In its entirety, »La ciudad de color / Vasarely Go Home« features documents in sober editions which recall historical or anthropological methods of inquiry, without the pretension of being didactic or moralistic. This apparently neutral, non–interpretative stance characterizes Fogarasi’s approach to recent history and cultural production. Yet, this tendency – which also refers to the aesthetics of conceptual and minimal art – becomes more sophisticated with the sculptural pieces displayed in the exhibition. They consist of diptychs, pairs of marble sheets standing vertically, a hybrid of sculptural and architectonic devices, polished on one side, raw on the other. In relation to the project »Vasarely Go Home«, the diptychs support reproductions of historical photographs that document the exhibition’s opening. These views of the audience absorbed in the contemplation of the art pieces reproduce the official side of the exhibition : a display of progressive art, freely enjoyed by a heterogeneous, wealthy crowd, at the opposite of the stereotypical vision of a Communist society. Associated with the recent interviews, these official photographs stress the ambiguity of the regime and the double game that aims at legitimizing its power.

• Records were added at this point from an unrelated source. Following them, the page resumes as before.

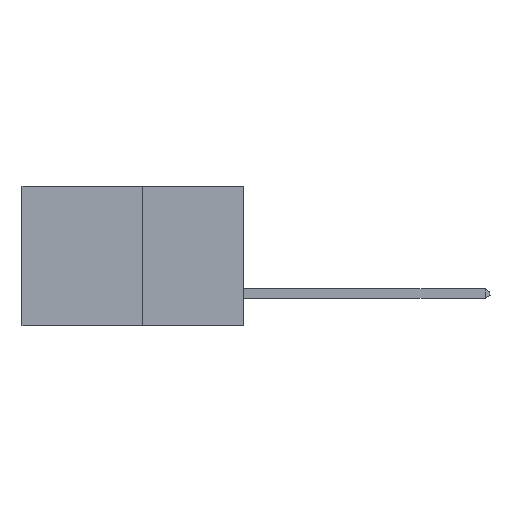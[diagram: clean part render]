
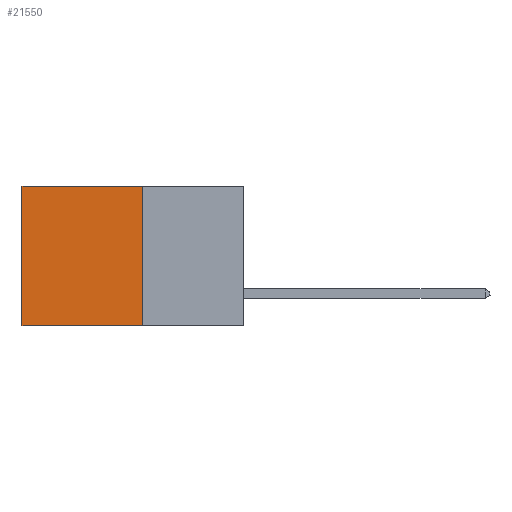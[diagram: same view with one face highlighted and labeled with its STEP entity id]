
A CAD part, left-side view. The second image highlights one B-rep face of the part: STEP entity #21550.
In plain terms, the highlighted planar face has unit normal (-1, 0, 0).
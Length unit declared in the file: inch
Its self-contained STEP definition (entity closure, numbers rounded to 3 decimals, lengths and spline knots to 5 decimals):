
#331 = DIRECTION ( 'NONE',  ( 1., 0., 0. ) ) ;
#1255 = VERTEX_POINT ( 'NONE', #13706 ) ;
#3681 = CARTESIAN_POINT ( 'NONE',  ( 0.277, 0.27, -0.37 ) ) ;
#4196 = VECTOR ( 'NONE', #21205, 39.37008 ) ;
#4664 = EDGE_CURVE ( 'NONE', #1255, #12371, #14679, .T. ) ;
#4812 = VECTOR ( 'NONE', #20931, 39.37008 ) ;
#6540 = FACE_OUTER_BOUND ( 'NONE', #20782, .T. ) ;
#7776 = EDGE_CURVE ( 'NONE', #10371, #21811, #14286, .T. ) ;
#7781 = ORIENTED_EDGE ( 'NONE', *, *, #18908, .T. ) ;
#8833 = PLANE ( 'NONE',  #16423 ) ;
#9362 = LINE ( 'NONE', #14276, #4812 ) ;
#9843 = CARTESIAN_POINT ( 'NONE',  ( 0.277, 0.59, -0.37 ) ) ;
#10187 = VECTOR ( 'NONE', #10879, 39.37008 ) ;
#10211 = ORIENTED_EDGE ( 'NONE', *, *, #17438, .F. ) ;
#10371 = VERTEX_POINT ( 'NONE', #11639 ) ;
#10879 = DIRECTION ( 'NONE',  ( 0., 1., 0. ) ) ;
#11639 = CARTESIAN_POINT ( 'NONE',  ( 0.277, 0.27, 0. ) ) ;
#12235 = DIRECTION ( 'NONE',  ( 0., 0., -1. ) ) ;
#12371 = VERTEX_POINT ( 'NONE', #9843 ) ;
#12611 = LINE ( 'NONE', #3681, #21577 ) ;
#13706 = CARTESIAN_POINT ( 'NONE',  ( 0.277, 0.27, -0.37 ) ) ;
#14099 = ORIENTED_EDGE ( 'NONE', *, *, #7776, .T. ) ;
#14276 = CARTESIAN_POINT ( 'NONE',  ( 0.277, 0.59, -0.37 ) ) ;
#14286 = LINE ( 'NONE', #19531, #4196 ) ;
#14659 = CARTESIAN_POINT ( 'NONE',  ( 0.277, 0.59, 0. ) ) ;
#14679 = LINE ( 'NONE', #19320, #10187 ) ;
#15496 = DIRECTION ( 'NONE',  ( 0., 0., -1. ) ) ;
#16423 = AXIS2_PLACEMENT_3D ( 'NONE', #20637, #331, #12235 ) ;
#17438 = EDGE_CURVE ( 'NONE', #10371, #1255, #12611, .T. ) ;
#18908 = EDGE_CURVE ( 'NONE', #21811, #12371, #9362, .T. ) ;
#19061 = ORIENTED_EDGE ( 'NONE', *, *, #4664, .F. ) ;
#19320 = CARTESIAN_POINT ( 'NONE',  ( 0.277, 0.27, -0.37 ) ) ;
#19531 = CARTESIAN_POINT ( 'NONE',  ( 0.277, 0.27, 0. ) ) ;
#20637 = CARTESIAN_POINT ( 'NONE',  ( 0.277, 0.27, -0.37 ) ) ;
#20782 = EDGE_LOOP ( 'NONE', ( #7781, #19061, #10211, #14099 ) ) ;
#20931 = DIRECTION ( 'NONE',  ( 0., 0., -1. ) ) ;
#21205 = DIRECTION ( 'NONE',  ( 0., 1., 0. ) ) ;
#21550 = ADVANCED_FACE ( 'NONE', ( #6540 ), #8833, .F. ) ;
#21577 = VECTOR ( 'NONE', #15496, 39.37008 ) ;
#21811 = VERTEX_POINT ( 'NONE', #14659 ) ;
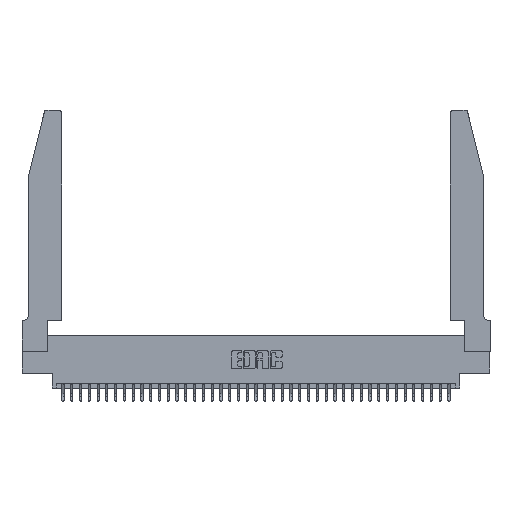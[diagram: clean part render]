
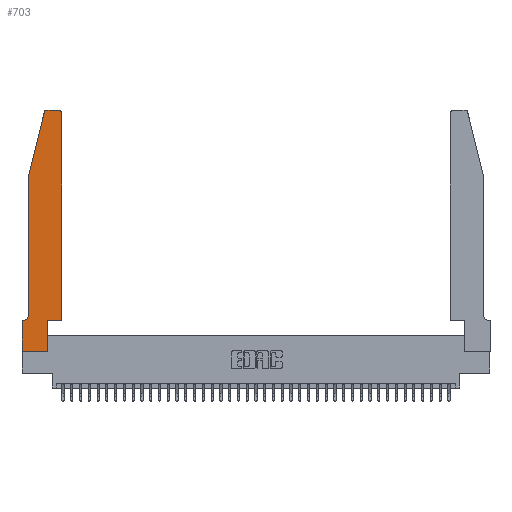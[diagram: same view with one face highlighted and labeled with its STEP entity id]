
A CAD part, top view. The second image highlights one B-rep face of the part: STEP entity #703.
In plain terms, the highlighted planar face has unit normal (0, 0, 1).
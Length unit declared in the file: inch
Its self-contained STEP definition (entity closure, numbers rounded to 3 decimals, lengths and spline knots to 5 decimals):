
#439 = LINE ( 'NONE', #4585, #27125 ) ;
#703 = ADVANCED_FACE ( 'NONE', ( #33845 ), #27674, .T. ) ;
#1113 = CARTESIAN_POINT ( 'NONE',  ( 0.2865, 0.35, 0.37 ) ) ;
#1779 = VECTOR ( 'NONE', #30031, 39.37008 ) ;
#1824 = AXIS2_PLACEMENT_3D ( 'NONE', #19420, #34696, #36988 ) ;
#2043 = CARTESIAN_POINT ( 'NONE',  ( 0., 0., 0.37 ) ) ;
#2507 = VERTEX_POINT ( 'NONE', #12022 ) ;
#2539 = VECTOR ( 'NONE', #35482, 39.37008 ) ;
#2873 = DIRECTION ( 'NONE',  ( -1., 0., 0. ) ) ;
#3063 = CARTESIAN_POINT ( 'NONE',  ( 0., 0., 0.37 ) ) ;
#3504 = VECTOR ( 'NONE', #10928, 39.37008 ) ;
#3772 = CARTESIAN_POINT ( 'NONE',  ( 0.0755, 0.35, 0.37 ) ) ;
#3827 = VERTEX_POINT ( 'NONE', #1113 ) ;
#4221 = CARTESIAN_POINT ( 'NONE',  ( 0.2865, 0., 0.37 ) ) ;
#4585 = CARTESIAN_POINT ( 'NONE',  ( 0.2605, 2.75, 0.37 ) ) ;
#4598 = EDGE_CURVE ( 'NONE', #10620, #25498, #7952, .T. ) ;
#5630 = LINE ( 'NONE', #7406, #1779 ) ;
#5864 = LINE ( 'NONE', #13849, #2539 ) ;
#6612 = EDGE_CURVE ( 'NONE', #27675, #13620, #20868, .T. ) ;
#7406 = CARTESIAN_POINT ( 'NONE',  ( 0.2865, 0.35, 0.37 ) ) ;
#7463 = EDGE_CURVE ( 'NONE', #13620, #33667, #439, .T. ) ;
#7952 = LINE ( 'NONE', #3772, #31646 ) ;
#8030 = ORIENTED_EDGE ( 'NONE', *, *, #7463, .T. ) ;
#8069 = LINE ( 'NONE', #9423, #23588 ) ;
#8191 = ORIENTED_EDGE ( 'NONE', *, *, #35374, .T. ) ;
#8224 = DIRECTION ( 'NONE',  ( 1., 0., 0. ) ) ;
#8551 = CIRCLE ( 'NONE', #23037, 0.07 ) ;
#8577 = ORIENTED_EDGE ( 'NONE', *, *, #36897, .T. ) ;
#8614 = DIRECTION ( 'NONE',  ( -1., 0., 0. ) ) ;
#8809 = CIRCLE ( 'NONE', #15777, 0.03 ) ;
#8848 = CARTESIAN_POINT ( 'NONE',  ( 0., 0.35, 0.37 ) ) ;
#9047 = ORIENTED_EDGE ( 'NONE', *, *, #6612, .T. ) ;
#9202 = ORIENTED_EDGE ( 'NONE', *, *, #4598, .T. ) ;
#9310 = EDGE_CURVE ( 'NONE', #33667, #2507, #8809, .T. ) ;
#9423 = CARTESIAN_POINT ( 'NONE',  ( 0.4505, 0.35, 0.37 ) ) ;
#10086 = ORIENTED_EDGE ( 'NONE', *, *, #12210, .T. ) ;
#10620 = VERTEX_POINT ( 'NONE', #23276 ) ;
#10928 = DIRECTION ( 'NONE',  ( 0., -1., 0. ) ) ;
#12022 = CARTESIAN_POINT ( 'NONE',  ( 0.25487, 2.72718, 0.37 ) ) ;
#12210 = EDGE_CURVE ( 'NONE', #12753, #39951, #36216, .T. ) ;
#12753 = VERTEX_POINT ( 'NONE', #2043 ) ;
#12763 = VERTEX_POINT ( 'NONE', #23956 ) ;
#13212 = EDGE_CURVE ( 'NONE', #39951, #3827, #5630, .T. ) ;
#13620 = VERTEX_POINT ( 'NONE', #39892 ) ;
#13668 = LINE ( 'NONE', #14161, #3504 ) ;
#13849 = CARTESIAN_POINT ( 'NONE',  ( 0.4505, 0.35, 0.37 ) ) ;
#14161 = CARTESIAN_POINT ( 'NONE',  ( 0.0755, 2., 0.37 ) ) ;
#15309 = DIRECTION ( 'NONE',  ( 0., 0., 1. ) ) ;
#15393 = DIRECTION ( 'NONE',  ( 0., 0., -1. ) ) ;
#15606 = ORIENTED_EDGE ( 'NONE', *, *, #9310, .T. ) ;
#15735 = DIRECTION ( 'NONE',  ( 0., 1., 0. ) ) ;
#15777 = AXIS2_PLACEMENT_3D ( 'NONE', #32325, #39075, #8224 ) ;
#16845 = EDGE_LOOP ( 'NONE', ( #8030, #15606, #8191, #22342, #34291, #9202, #8577, #10086, #24182, #27075, #36309, #9047 ) ) ;
#17397 = CARTESIAN_POINT ( 'NONE',  ( 0.0755, 2., 0.37 ) ) ;
#17480 = CARTESIAN_POINT ( 'NONE',  ( 0.0755, 2., 0.37 ) ) ;
#17711 = EDGE_CURVE ( 'NONE', #12763, #27675, #8069, .T. ) ;
#18636 = VECTOR ( 'NONE', #29467, 39.37008 ) ;
#19420 = CARTESIAN_POINT ( 'NONE',  ( 0.4205, 2.72, 0.37 ) ) ;
#19781 = AXIS2_PLACEMENT_3D ( 'NONE', #8848, #15309, #21330 ) ;
#20263 = CARTESIAN_POINT ( 'NONE',  ( 0., 0.35, 0.37 ) ) ;
#20697 = VERTEX_POINT ( 'NONE', #17480 ) ;
#20868 = CIRCLE ( 'NONE', #1824, 0.03 ) ;
#21330 = DIRECTION ( 'NONE',  ( 1., 0., 0. ) ) ;
#21413 = CARTESIAN_POINT ( 'NONE',  ( 0.0055, 0.42, 0.37 ) ) ;
#21728 = VECTOR ( 'NONE', #37864, 39.37008 ) ;
#22342 = ORIENTED_EDGE ( 'NONE', *, *, #22643, .T. ) ;
#22543 = LINE ( 'NONE', #17397, #18636 ) ;
#22643 = EDGE_CURVE ( 'NONE', #20697, #29456, #13668, .T. ) ;
#22699 = CARTESIAN_POINT ( 'NONE',  ( 0.0755, 0.42, 0.37 ) ) ;
#23037 = AXIS2_PLACEMENT_3D ( 'NONE', #21413, #15393, #2873 ) ;
#23184 = CARTESIAN_POINT ( 'NONE',  ( 0.284, 2.75, 0.37 ) ) ;
#23268 = EDGE_CURVE ( 'NONE', #3827, #12763, #5864, .T. ) ;
#23276 = CARTESIAN_POINT ( 'NONE',  ( 0.0055, 0.35, 0.37 ) ) ;
#23588 = VECTOR ( 'NONE', #15735, 39.37008 ) ;
#23956 = CARTESIAN_POINT ( 'NONE',  ( 0.4505, 0.35, 0.37 ) ) ;
#24182 = ORIENTED_EDGE ( 'NONE', *, *, #13212, .T. ) ;
#25498 = VERTEX_POINT ( 'NONE', #20263 ) ;
#27075 = ORIENTED_EDGE ( 'NONE', *, *, #23268, .T. ) ;
#27125 = VECTOR ( 'NONE', #8614, 39.37008 ) ;
#27674 = PLANE ( 'NONE',  #19781 ) ;
#27675 = VERTEX_POINT ( 'NONE', #34140 ) ;
#27693 = DIRECTION ( 'NONE',  ( 0., -1., 0. ) ) ;
#28401 = DIRECTION ( 'NONE',  ( -1., 0., 0. ) ) ;
#28715 = VECTOR ( 'NONE', #27693, 39.37008 ) ;
#29456 = VERTEX_POINT ( 'NONE', #22699 ) ;
#29467 = DIRECTION ( 'NONE',  ( -0.239, -0.971, 0. ) ) ;
#30031 = DIRECTION ( 'NONE',  ( 0., 1., 0. ) ) ;
#31646 = VECTOR ( 'NONE', #28401, 39.37008 ) ;
#32325 = CARTESIAN_POINT ( 'NONE',  ( 0.284, 2.72, 0.37 ) ) ;
#33667 = VERTEX_POINT ( 'NONE', #23184 ) ;
#33845 = FACE_OUTER_BOUND ( 'NONE', #16845, .T. ) ;
#34140 = CARTESIAN_POINT ( 'NONE',  ( 0.4505, 2.72, 0.37 ) ) ;
#34291 = ORIENTED_EDGE ( 'NONE', *, *, #34823, .T. ) ;
#34696 = DIRECTION ( 'NONE',  ( 0., 0., 1. ) ) ;
#34823 = EDGE_CURVE ( 'NONE', #29456, #10620, #8551, .T. ) ;
#35374 = EDGE_CURVE ( 'NONE', #2507, #20697, #22543, .T. ) ;
#35482 = DIRECTION ( 'NONE',  ( 1., 0., 0. ) ) ;
#36216 = LINE ( 'NONE', #37205, #21728 ) ;
#36309 = ORIENTED_EDGE ( 'NONE', *, *, #17711, .T. ) ;
#36897 = EDGE_CURVE ( 'NONE', #25498, #12753, #36940, .T. ) ;
#36940 = LINE ( 'NONE', #3063, #28715 ) ;
#36988 = DIRECTION ( 'NONE',  ( 1., 0., 0. ) ) ;
#37205 = CARTESIAN_POINT ( 'NONE',  ( 0., 0., 0.37 ) ) ;
#37864 = DIRECTION ( 'NONE',  ( 1., 0., 0. ) ) ;
#39075 = DIRECTION ( 'NONE',  ( 0., 0., 1. ) ) ;
#39892 = CARTESIAN_POINT ( 'NONE',  ( 0.4205, 2.75, 0.37 ) ) ;
#39951 = VERTEX_POINT ( 'NONE', #4221 ) ;
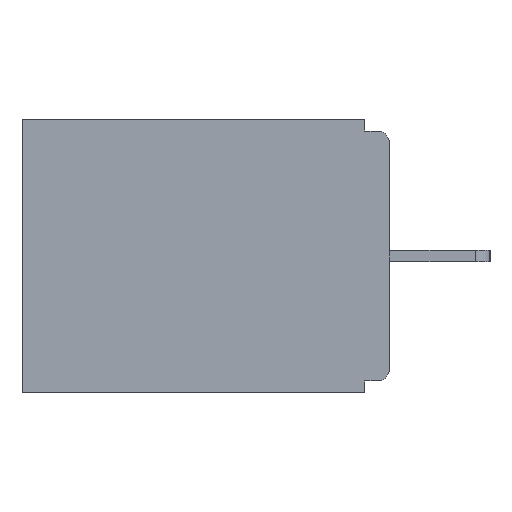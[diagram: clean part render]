
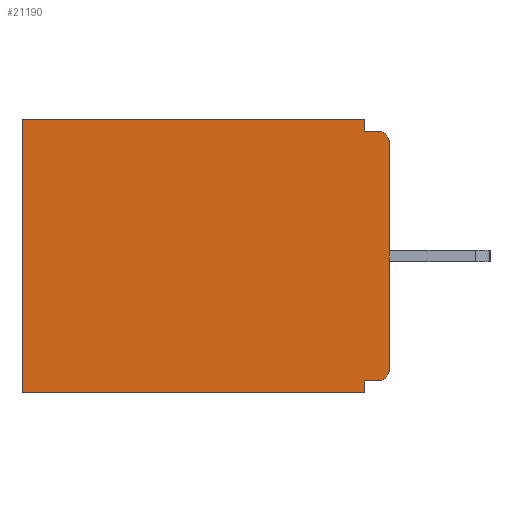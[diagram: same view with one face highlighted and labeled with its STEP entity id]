
A CAD part, left-side view. The second image highlights one B-rep face of the part: STEP entity #21190.
In plain terms, the highlighted planar face has unit normal (-1, 0, 0).
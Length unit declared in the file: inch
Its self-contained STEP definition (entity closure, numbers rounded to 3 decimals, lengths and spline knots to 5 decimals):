
#358 = DIRECTION ( 'NONE',  ( 0., 0., -1. ) ) ;
#431 = DIRECTION ( 'NONE',  ( -1., 0., 0. ) ) ;
#620 = EDGE_CURVE ( 'NONE', #2463, #21706, #9098, .T. ) ;
#935 = DIRECTION ( 'NONE',  ( -1., 0., 0. ) ) ;
#1114 = ORIENTED_EDGE ( 'NONE', *, *, #16034, .F. ) ;
#1393 = CARTESIAN_POINT ( 'NONE',  ( 0.298, 0.46, 0. ) ) ;
#1732 = ORIENTED_EDGE ( 'NONE', *, *, #16814, .F. ) ;
#2209 = DIRECTION ( 'NONE',  ( 0., 0., -1. ) ) ;
#2463 = VERTEX_POINT ( 'NONE', #22198 ) ;
#2773 = AXIS2_PLACEMENT_3D ( 'NONE', #18431, #935, #4906 ) ;
#3268 = CARTESIAN_POINT ( 'NONE',  ( 0.298, 0.46, -0.343 ) ) ;
#3365 = CARTESIAN_POINT ( 'NONE',  ( 0.298, 0., 0. ) ) ;
#3596 = DIRECTION ( 'NONE',  ( 1., 0., 0. ) ) ;
#3764 = DIRECTION ( 'NONE',  ( 0., 1., 0. ) ) ;
#3811 = LINE ( 'NONE', #13628, #24208 ) ;
#3893 = VECTOR ( 'NONE', #12835, 39.37008 ) ;
#4163 = EDGE_CURVE ( 'NONE', #6804, #16140, #13979, .T. ) ;
#4383 = VERTEX_POINT ( 'NONE', #3268 ) ;
#4566 = EDGE_CURVE ( 'NONE', #25046, #12686, #19835, .T. ) ;
#4906 = DIRECTION ( 'NONE',  ( 0., 0., -1. ) ) ;
#5416 = EDGE_CURVE ( 'NONE', #2463, #10694, #16154, .T. ) ;
#5507 = CARTESIAN_POINT ( 'NONE',  ( 0.298, 0., 0. ) ) ;
#5683 = DIRECTION ( 'NONE',  ( 0., -1., 0. ) ) ;
#6046 = CARTESIAN_POINT ( 'NONE',  ( 0.298, 0., -0.015 ) ) ;
#6077 = VECTOR ( 'NONE', #3764, 39.37008 ) ;
#6331 = DIRECTION ( 'NONE',  ( 0., 1., 0. ) ) ;
#6397 = CARTESIAN_POINT ( 'NONE',  ( 0.298, 0., -0.03 ) ) ;
#6804 = VERTEX_POINT ( 'NONE', #9251 ) ;
#6837 = EDGE_CURVE ( 'NONE', #23494, #4383, #14993, .T. ) ;
#7118 = LINE ( 'NONE', #11167, #3893 ) ;
#7560 = LINE ( 'NONE', #5507, #17328 ) ;
#8479 = ORIENTED_EDGE ( 'NONE', *, *, #620, .T. ) ;
#8535 = EDGE_CURVE ( 'NONE', #6804, #19610, #10521, .T. ) ;
#8652 = CARTESIAN_POINT ( 'NONE',  ( 0.298, 0.031, -0.343 ) ) ;
#9098 = LINE ( 'NONE', #3365, #24128 ) ;
#9251 = CARTESIAN_POINT ( 'NONE',  ( 0.298, 0.015, -0.328 ) ) ;
#9401 = ORIENTED_EDGE ( 'NONE', *, *, #4566, .T. ) ;
#9600 = CARTESIAN_POINT ( 'NONE',  ( 0.298, 0.015, -0.015 ) ) ;
#10494 = VECTOR ( 'NONE', #17817, 39.37008 ) ;
#10521 = CIRCLE ( 'NONE', #2773, 0.015 ) ;
#10694 = VERTEX_POINT ( 'NONE', #18826 ) ;
#11167 = CARTESIAN_POINT ( 'NONE',  ( 0.298, 0.031, -0.343 ) ) ;
#11381 = CARTESIAN_POINT ( 'NONE',  ( 0.298, 0., 0. ) ) ;
#11788 = EDGE_LOOP ( 'NONE', ( #9401, #14490, #18576, #8479, #17942, #24331, #1732, #24196, #14914, #1114 ) ) ;
#12209 = CARTESIAN_POINT ( 'NONE',  ( 0.298, 0., -0.328 ) ) ;
#12686 = VERTEX_POINT ( 'NONE', #9600 ) ;
#12790 = DIRECTION ( 'NONE',  ( 0., 1., 0. ) ) ;
#12835 = DIRECTION ( 'NONE',  ( 0., 0., -1. ) ) ;
#12900 = DIRECTION ( 'NONE',  ( 0., 0., -1. ) ) ;
#13579 = LINE ( 'NONE', #6046, #13865 ) ;
#13628 = CARTESIAN_POINT ( 'NONE',  ( 0.298, 0.46, 0. ) ) ;
#13865 = VECTOR ( 'NONE', #5683, 39.37008 ) ;
#13979 = LINE ( 'NONE', #12209, #18606 ) ;
#14490 = ORIENTED_EDGE ( 'NONE', *, *, #24445, .F. ) ;
#14820 = PLANE ( 'NONE',  #19907 ) ;
#14914 = ORIENTED_EDGE ( 'NONE', *, *, #8535, .T. ) ;
#14993 = LINE ( 'NONE', #17400, #6077 ) ;
#15736 = EDGE_CURVE ( 'NONE', #21706, #4383, #3811, .T. ) ;
#15738 = CARTESIAN_POINT ( 'NONE',  ( 0.298, 0.015, -0.03 ) ) ;
#16034 = EDGE_CURVE ( 'NONE', #25046, #19610, #7560, .T. ) ;
#16140 = VERTEX_POINT ( 'NONE', #23223 ) ;
#16154 = LINE ( 'NONE', #8652, #10494 ) ;
#16746 = FACE_OUTER_BOUND ( 'NONE', #11788, .T. ) ;
#16814 = EDGE_CURVE ( 'NONE', #16140, #23494, #7118, .T. ) ;
#17328 = VECTOR ( 'NONE', #20927, 39.37008 ) ;
#17400 = CARTESIAN_POINT ( 'NONE',  ( 0.298, 0., -0.343 ) ) ;
#17793 = AXIS2_PLACEMENT_3D ( 'NONE', #15738, #431, #2209 ) ;
#17817 = DIRECTION ( 'NONE',  ( 0., 0., -1. ) ) ;
#17942 = ORIENTED_EDGE ( 'NONE', *, *, #15736, .T. ) ;
#18431 = CARTESIAN_POINT ( 'NONE',  ( 0.298, 0.015, -0.313 ) ) ;
#18576 = ORIENTED_EDGE ( 'NONE', *, *, #5416, .F. ) ;
#18606 = VECTOR ( 'NONE', #6331, 39.37008 ) ;
#18826 = CARTESIAN_POINT ( 'NONE',  ( 0.298, 0.031, -0.015 ) ) ;
#19610 = VERTEX_POINT ( 'NONE', #19672 ) ;
#19672 = CARTESIAN_POINT ( 'NONE',  ( 0.298, 0., -0.313 ) ) ;
#19835 = CIRCLE ( 'NONE', #17793, 0.015 ) ;
#19907 = AXIS2_PLACEMENT_3D ( 'NONE', #11381, #3596, #12900 ) ;
#20927 = DIRECTION ( 'NONE',  ( 0., 0., -1. ) ) ;
#21190 = ADVANCED_FACE ( 'NONE', ( #16746 ), #14820, .F. ) ;
#21706 = VERTEX_POINT ( 'NONE', #1393 ) ;
#21757 = CARTESIAN_POINT ( 'NONE',  ( 0.298, 0.031, -0.343 ) ) ;
#22198 = CARTESIAN_POINT ( 'NONE',  ( 0.298, 0.031, 0. ) ) ;
#23223 = CARTESIAN_POINT ( 'NONE',  ( 0.298, 0.031, -0.328 ) ) ;
#23494 = VERTEX_POINT ( 'NONE', #21757 ) ;
#24128 = VECTOR ( 'NONE', #12790, 39.37008 ) ;
#24196 = ORIENTED_EDGE ( 'NONE', *, *, #4163, .F. ) ;
#24208 = VECTOR ( 'NONE', #358, 39.37008 ) ;
#24331 = ORIENTED_EDGE ( 'NONE', *, *, #6837, .F. ) ;
#24445 = EDGE_CURVE ( 'NONE', #10694, #12686, #13579, .T. ) ;
#25046 = VERTEX_POINT ( 'NONE', #6397 ) ;

To complement the historical inquiry formulated in »Vasarely go home«, the part titled »La ciudad de color« examines how abstract motives permeate our daily environment. In this section, the same marble diptychs disclose photographs of objects, urban furniture, contemporary architectures, some of them inspired or produced by Vasarely. Their formal properties confirm the persistence in public space of a visual and architectonic language inherited from modernism and abstraction. Another series of diptychs is perforated in shapes that reproduce the logos of different organisations or agencies in charge of the diffusion of national culture abroad. It seems that only a temporal gap separates the strategies of the department in charge of international cultural affairs in the Hungary of the sixties and today’s institutions in charge of the diffusion of culture from capitalist states: both defend their cultural model using art as the expression of a kind of »corporative« identity. What appears through this parallelism is the continuity in the use of abstract forms to export values and concepts associated with a national or ideological model.